Hint: big cars don't necessarily have to be priority.
Mercedes-Benz has been known to offer hybrids. Plug-in hybrids, even – like the current GLC 350e. But while it's offered the B-Class with an all-electric powertrain, it shied away from plug-in hybrid versions of its smallest models. That's all changing, though, with this latest announcement.
As part of the expansion of its new EQ sub-brand, the German automaker has revealed new plug-in hybrid versions of three of its subcompact models: the A-Class sedan (not pictured), A-Class hatchback, and B-Class minivan. And while announced for Europe initially, their launch bodes well for the US market, too.
The three new PHEVs share the same powertrain, marrying a 1.3-liter inline-four with a 75-kW electric motor, a 15.6-kWh lithium-ion battery pack, and an eight-speed dual-clutch transmission to deliver a combined total of 218 horsepower and 332 lb-ft of torque. That's considerably more than the 188 hp and 221 lb-ft offered in the current A220 currently in US showrooms, and more torque than even the Mercedes-AMG A35. So despite the added weight, the A250e takes just 6.6 seconds to reach 62 mph from a standstill – a fair bit quicker than the A220's 7.1-second 0-60 time, though still a way's behind the A35's 4.6.
By integrating the fuel tank into the axle assembly, putting the battery under the rear seats, and shortening the exhaust pipes, Mercedes has kept the electrical components from intruding too much on cargo capacity. And the torquey powertrain allows the vehicle to tow over 3,500 pounds – so it could, in theory, pull another of itself on a braked trailer.
But none of that, of course, is what hybrid customers look for most. The A250e sedan consumes just 1.4 liters per 100 kilometers, which is nearly five times less than the conventional A220 we get here, which is rated by the EPA at 28 mpg on the combined cycle.
The big question on our mind is whether Mercedes will offer the new subcompact plug-in hybrids here in America – in the form of the A-Class sedan, or the CLA, GLA, or new GLB.
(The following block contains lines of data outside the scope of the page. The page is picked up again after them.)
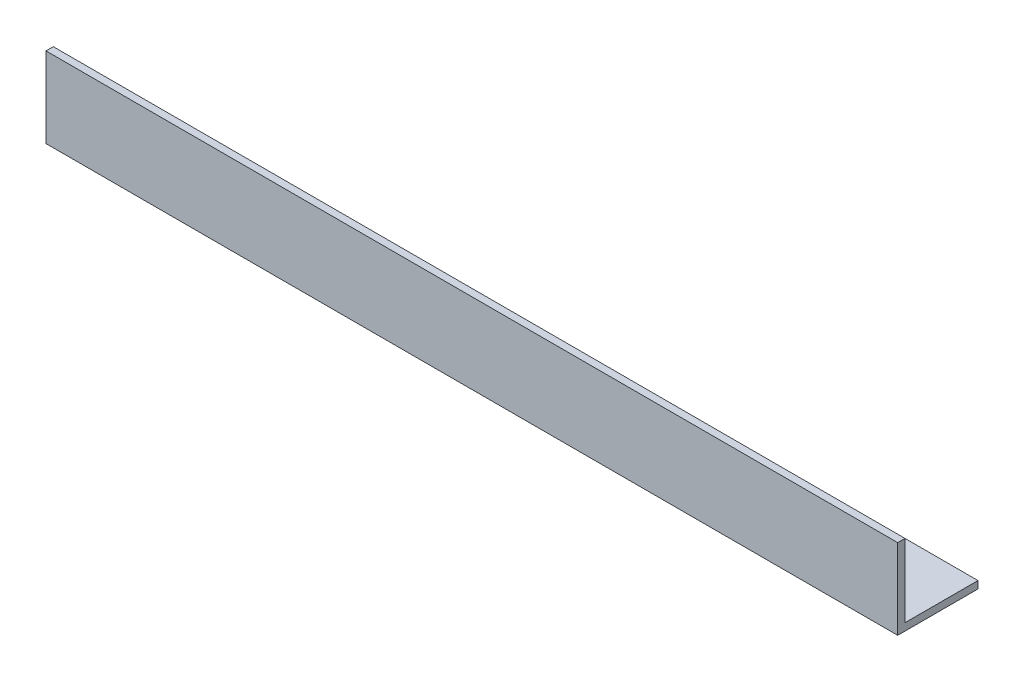
ISO-10303-21;
HEADER;
FILE_DESCRIPTION(('STEP AP214'),'2;1');
FILE_NAME('part.step','',(''),(''),'','','');
FILE_SCHEMA(('AUTOMOTIVE_DESIGN { 1 0 10303 214 1 1 1 1 }'));
ENDSEC;
DATA;
#1=APPLICATION_CONTEXT('core data for automotive mechanical design processes');
#2=APPLICATION_PROTOCOL_DEFINITION('international standard','automotive_design',2000,#1);
#3=PRODUCT_CONTEXT('',#1,'mechanical');
#4=PRODUCT('Part','Part','',(#3));
#5=PRODUCT_RELATED_PRODUCT_CATEGORY('part','',(#4));
#6=PRODUCT_DEFINITION_FORMATION('','',#4);
#7=PRODUCT_DEFINITION_CONTEXT('part definition',#1,'design');
#8=PRODUCT_DEFINITION('design','',#6,#7);
#9=PRODUCT_DEFINITION_SHAPE('','',#8);
#10=(LENGTH_UNIT() NAMED_UNIT(*) SI_UNIT(.MILLI.,.METRE.));
#11=(NAMED_UNIT(*) PLANE_ANGLE_UNIT() SI_UNIT($,.RADIAN.));
#12=(NAMED_UNIT(*) SI_UNIT($,.STERADIAN.) SOLID_ANGLE_UNIT());
#13=UNCERTAINTY_MEASURE_WITH_UNIT(LENGTH_MEASURE(1.E-05),#10,'distance_accuracy_value','');
#14=(GEOMETRIC_REPRESENTATION_CONTEXT(3) GLOBAL_UNCERTAINTY_ASSIGNED_CONTEXT((#13)) GLOBAL_UNIT_ASSIGNED_CONTEXT((#10,
#11,#12)) REPRESENTATION_CONTEXT('',''));
#15=CARTESIAN_POINT('',(0.,0.,0.));
#16=DIRECTION('',(0.,0.,1.));
#17=DIRECTION('',(1.,0.,0.));
#18=AXIS2_PLACEMENT_3D('',#15,#16,#17);
#19=CARTESIAN_POINT('',(350.,0.,0.));
#20=DIRECTION('',(0.,1.,0.));
#21=DIRECTION('',(0.,0.,1.));
#22=AXIS2_PLACEMENT_3D('',#19,#20,#21);
#23=PLANE('',#22);
#24=DIRECTION('',(0.,0.,-1.));
#25=VECTOR('',#24,1.);
#26=CARTESIAN_POINT('',(0.,0.,0.));
#27=LINE('',#26,#25);
#28=CARTESIAN_POINT('',(0.,0.,0.));
#29=VERTEX_POINT('',#28);
#30=CARTESIAN_POINT('',(0.,0.,-33.));
#31=VERTEX_POINT('',#30);
#32=EDGE_CURVE('E115',#29,#31,#27,.T.);
#33=ORIENTED_EDGE('',*,*,#32,.T.);
#34=DIRECTION('',(-1.,0.,0.));
#35=VECTOR('',#34,1.);
#36=CARTESIAN_POINT('',(350.,0.,-33.));
#37=LINE('',#36,#35);
#38=CARTESIAN_POINT('',(350.,0.,-33.));
#39=VERTEX_POINT('',#38);
#40=EDGE_CURVE('E11',#39,#31,#37,.T.);
#41=ORIENTED_EDGE('',*,*,#40,.F.);
#42=DIRECTION('',(0.,0.,-1.));
#43=VECTOR('',#42,1.);
#44=CARTESIAN_POINT('',(350.,0.,0.));
#45=LINE('',#44,#43);
#46=CARTESIAN_POINT('',(350.,0.,0.));
#47=VERTEX_POINT('',#46);
#48=EDGE_CURVE('E80',#47,#39,#45,.T.);
#49=ORIENTED_EDGE('',*,*,#48,.F.);
#50=DIRECTION('',(-1.,0.,0.));
#51=VECTOR('',#50,1.);
#52=CARTESIAN_POINT('',(350.,0.,0.));
#53=LINE('',#52,#51);
#54=EDGE_CURVE('E111',#47,#29,#53,.T.);
#55=ORIENTED_EDGE('',*,*,#54,.T.);
#56=EDGE_LOOP('',(#33,#41,#49,#55));
#57=FACE_BOUND('',#56,.T.);
#58=ADVANCED_FACE('F34',(#57),#23,.F.);
#59=CARTESIAN_POINT('',(350.,3.,-33.));
#60=DIRECTION('',(0.,0.,-1.));
#61=DIRECTION('',(-1.,0.,0.));
#62=AXIS2_PLACEMENT_3D('',#59,#60,#61);
#63=PLANE('',#62);
#64=DIRECTION('',(0.,-1.,0.));
#65=VECTOR('',#64,1.);
#66=CARTESIAN_POINT('',(0.,3.,-33.));
#67=LINE('',#66,#65);
#68=CARTESIAN_POINT('',(0.,3.,-33.));
#69=VERTEX_POINT('',#68);
#70=EDGE_CURVE('E118',#69,#31,#67,.T.);
#71=ORIENTED_EDGE('',*,*,#70,.F.);
#72=DIRECTION('',(-1.,0.,0.));
#73=VECTOR('',#72,1.);
#74=CARTESIAN_POINT('',(350.,3.,-33.));
#75=LINE('',#74,#73);
#76=CARTESIAN_POINT('',(350.,3.,-33.));
#77=VERTEX_POINT('',#76);
#78=EDGE_CURVE('E42',#77,#69,#75,.T.);
#79=ORIENTED_EDGE('',*,*,#78,.F.);
#80=DIRECTION('',(0.,-1.,0.));
#81=VECTOR('',#80,1.);
#82=CARTESIAN_POINT('',(350.,3.,-33.));
#83=LINE('',#82,#81);
#84=EDGE_CURVE('E204',#77,#39,#83,.T.);
#85=ORIENTED_EDGE('',*,*,#84,.T.);
#86=ORIENTED_EDGE('',*,*,#40,.T.);
#87=EDGE_LOOP('',(#71,#79,#85,#86));
#88=FACE_BOUND('',#87,.T.);
#89=ADVANCED_FACE('F136',(#88),#63,.T.);
#90=CARTESIAN_POINT('',(350.,3.,0.));
#91=DIRECTION('',(0.,1.,0.));
#92=DIRECTION('',(0.,0.,1.));
#93=AXIS2_PLACEMENT_3D('',#90,#91,#92);
#94=PLANE('',#93);
#95=DIRECTION('',(0.,0.,-1.));
#96=VECTOR('',#95,1.);
#97=CARTESIAN_POINT('',(0.,3.,0.));
#98=LINE('',#97,#96);
#99=CARTESIAN_POINT('',(0.,3.,-3.));
#100=VERTEX_POINT('',#99);
#101=EDGE_CURVE('E121',#100,#69,#98,.T.);
#102=ORIENTED_EDGE('',*,*,#101,.F.);
#103=DIRECTION('',(-1.,0.,0.));
#104=VECTOR('',#103,1.);
#105=CARTESIAN_POINT('',(350.,3.,-3.));
#106=LINE('',#105,#104);
#107=CARTESIAN_POINT('',(350.,3.,-3.));
#108=VERTEX_POINT('',#107);
#109=EDGE_CURVE('E101',#108,#100,#106,.T.);
#110=ORIENTED_EDGE('',*,*,#109,.F.);
#111=DIRECTION('',(0.,0.,-1.));
#112=VECTOR('',#111,1.);
#113=CARTESIAN_POINT('',(350.,3.,0.));
#114=LINE('',#113,#112);
#115=EDGE_CURVE('E107',#108,#77,#114,.T.);
#116=ORIENTED_EDGE('',*,*,#115,.T.);
#117=ORIENTED_EDGE('',*,*,#78,.T.);
#118=EDGE_LOOP('',(#102,#110,#116,#117));
#119=FACE_BOUND('',#118,.T.);
#120=ADVANCED_FACE('F133',(#119),#94,.T.);
#121=CARTESIAN_POINT('',(350.,33.,-3.));
#122=DIRECTION('',(0.,0.,-1.));
#123=DIRECTION('',(0.,1.,0.));
#124=AXIS2_PLACEMENT_3D('',#121,#122,#123);
#125=PLANE('',#124);
#126=DIRECTION('',(0.,-1.,0.));
#127=VECTOR('',#126,1.);
#128=CARTESIAN_POINT('',(0.,33.,-3.));
#129=LINE('',#128,#127);
#130=CARTESIAN_POINT('',(0.,33.,-3.));
#131=VERTEX_POINT('',#130);
#132=EDGE_CURVE('E96',#131,#100,#129,.T.);
#133=ORIENTED_EDGE('',*,*,#132,.F.);
#134=DIRECTION('',(-1.,0.,0.));
#135=VECTOR('',#134,1.);
#136=CARTESIAN_POINT('',(350.,33.,-3.));
#137=LINE('',#136,#135);
#138=CARTESIAN_POINT('',(350.,33.,-3.));
#139=VERTEX_POINT('',#138);
#140=EDGE_CURVE('E91',#139,#131,#137,.T.);
#141=ORIENTED_EDGE('',*,*,#140,.F.);
#142=DIRECTION('',(0.,-1.,0.));
#143=VECTOR('',#142,1.);
#144=CARTESIAN_POINT('',(350.,33.,-3.));
#145=LINE('',#144,#143);
#146=EDGE_CURVE('E94',#139,#108,#145,.T.);
#147=ORIENTED_EDGE('',*,*,#146,.T.);
#148=ORIENTED_EDGE('',*,*,#109,.T.);
#149=EDGE_LOOP('',(#133,#141,#147,#148));
#150=FACE_BOUND('',#149,.T.);
#151=ADVANCED_FACE('F93',(#150),#125,.T.);
#152=CARTESIAN_POINT('',(350.,33.,0.));
#153=DIRECTION('',(0.,1.,0.));
#154=DIRECTION('',(0.,0.,1.));
#155=AXIS2_PLACEMENT_3D('',#152,#153,#154);
#156=PLANE('',#155);
#157=DIRECTION('',(0.,0.,-1.));
#158=VECTOR('',#157,1.);
#159=CARTESIAN_POINT('',(0.,33.,0.));
#160=LINE('',#159,#158);
#161=CARTESIAN_POINT('',(0.,33.,0.));
#162=VERTEX_POINT('',#161);
#163=EDGE_CURVE('E125',#162,#131,#160,.T.);
#164=ORIENTED_EDGE('',*,*,#163,.F.);
#165=DIRECTION('',(-1.,0.,0.));
#166=VECTOR('',#165,1.);
#167=CARTESIAN_POINT('',(350.,33.,0.));
#168=LINE('',#167,#166);
#169=CARTESIAN_POINT('',(350.,33.,0.));
#170=VERTEX_POINT('',#169);
#171=EDGE_CURVE('E71',#170,#162,#168,.T.);
#172=ORIENTED_EDGE('',*,*,#171,.F.);
#173=DIRECTION('',(0.,0.,-1.));
#174=VECTOR('',#173,1.);
#175=CARTESIAN_POINT('',(350.,33.,0.));
#176=LINE('',#175,#174);
#177=EDGE_CURVE('E105',#170,#139,#176,.T.);
#178=ORIENTED_EDGE('',*,*,#177,.T.);
#179=ORIENTED_EDGE('',*,*,#140,.T.);
#180=EDGE_LOOP('',(#164,#172,#178,#179));
#181=FACE_BOUND('',#180,.T.);
#182=ADVANCED_FACE('F109',(#181),#156,.T.);
#183=CARTESIAN_POINT('',(350.,33.,0.));
#184=DIRECTION('',(0.,0.,-1.));
#185=DIRECTION('',(0.,1.,0.));
#186=AXIS2_PLACEMENT_3D('',#183,#184,#185);
#187=PLANE('',#186);
#188=DIRECTION('',(0.,-1.,0.));
#189=VECTOR('',#188,1.);
#190=CARTESIAN_POINT('',(0.,33.,0.));
#191=LINE('',#190,#189);
#192=EDGE_CURVE('E74',#162,#29,#191,.T.);
#193=ORIENTED_EDGE('',*,*,#192,.T.);
#194=ORIENTED_EDGE('',*,*,#54,.F.);
#195=DIRECTION('',(0.,-1.,0.));
#196=VECTOR('',#195,1.);
#197=CARTESIAN_POINT('',(350.,33.,0.));
#198=LINE('',#197,#196);
#199=EDGE_CURVE('E50',#170,#47,#198,.T.);
#200=ORIENTED_EDGE('',*,*,#199,.F.);
#201=ORIENTED_EDGE('',*,*,#171,.T.);
#202=EDGE_LOOP('',(#193,#194,#200,#201));
#203=FACE_BOUND('',#202,.T.);
#204=ADVANCED_FACE('F141',(#203),#187,.F.);
#205=CARTESIAN_POINT('',(350.,0.,0.));
#206=DIRECTION('',(-1.,0.,0.));
#207=DIRECTION('',(0.,0.,1.));
#208=AXIS2_PLACEMENT_3D('',#205,#206,#207);
#209=PLANE('',#208);
#210=ORIENTED_EDGE('',*,*,#48,.T.);
#211=ORIENTED_EDGE('',*,*,#84,.F.);
#212=ORIENTED_EDGE('',*,*,#115,.F.);
#213=ORIENTED_EDGE('',*,*,#146,.F.);
#214=ORIENTED_EDGE('',*,*,#177,.F.);
#215=ORIENTED_EDGE('',*,*,#199,.T.);
#216=EDGE_LOOP('',(#210,#211,#212,#213,#214,#215));
#217=FACE_BOUND('',#216,.T.);
#218=ADVANCED_FACE('F104',(#217),#209,.F.);
#219=CARTESIAN_POINT('',(0.,0.,0.));
#220=DIRECTION('',(-1.,0.,0.));
#221=DIRECTION('',(0.,0.,1.));
#222=AXIS2_PLACEMENT_3D('',#219,#220,#221);
#223=PLANE('',#222);
#224=ORIENTED_EDGE('',*,*,#32,.F.);
#225=ORIENTED_EDGE('',*,*,#192,.F.);
#226=ORIENTED_EDGE('',*,*,#163,.T.);
#227=ORIENTED_EDGE('',*,*,#132,.T.);
#228=ORIENTED_EDGE('',*,*,#101,.T.);
#229=ORIENTED_EDGE('',*,*,#70,.T.);
#230=EDGE_LOOP('',(#224,#225,#226,#227,#228,#229));
#231=FACE_BOUND('',#230,.T.);
#232=ADVANCED_FACE('F139',(#231),#223,.T.);
#233=CLOSED_SHELL('',(#58,#89,#120,#151,#182,#204,#218,#232));
#234=MANIFOLD_SOLID_BREP('B2',#233);
#235=ADVANCED_BREP_SHAPE_REPRESENTATION('',(#18,#234),#14);
#236=SHAPE_DEFINITION_REPRESENTATION(#9,#235);
ENDSEC;
END-ISO-10303-21;

In the meantime, Daimler has opened the order books for the A250e hatchback and sedan in Europe, priced from €36,943.55 and €37,300.55, respectively – only slightly more than the A220 4Matic sedan that starts at €36,271.20 in Germany, or $34,500 in the US. Whether these models make their way to our side of the Atlantic or not, there will be more to come as Mercedes works to introduce 20 plug-in electrified vehicles by next year.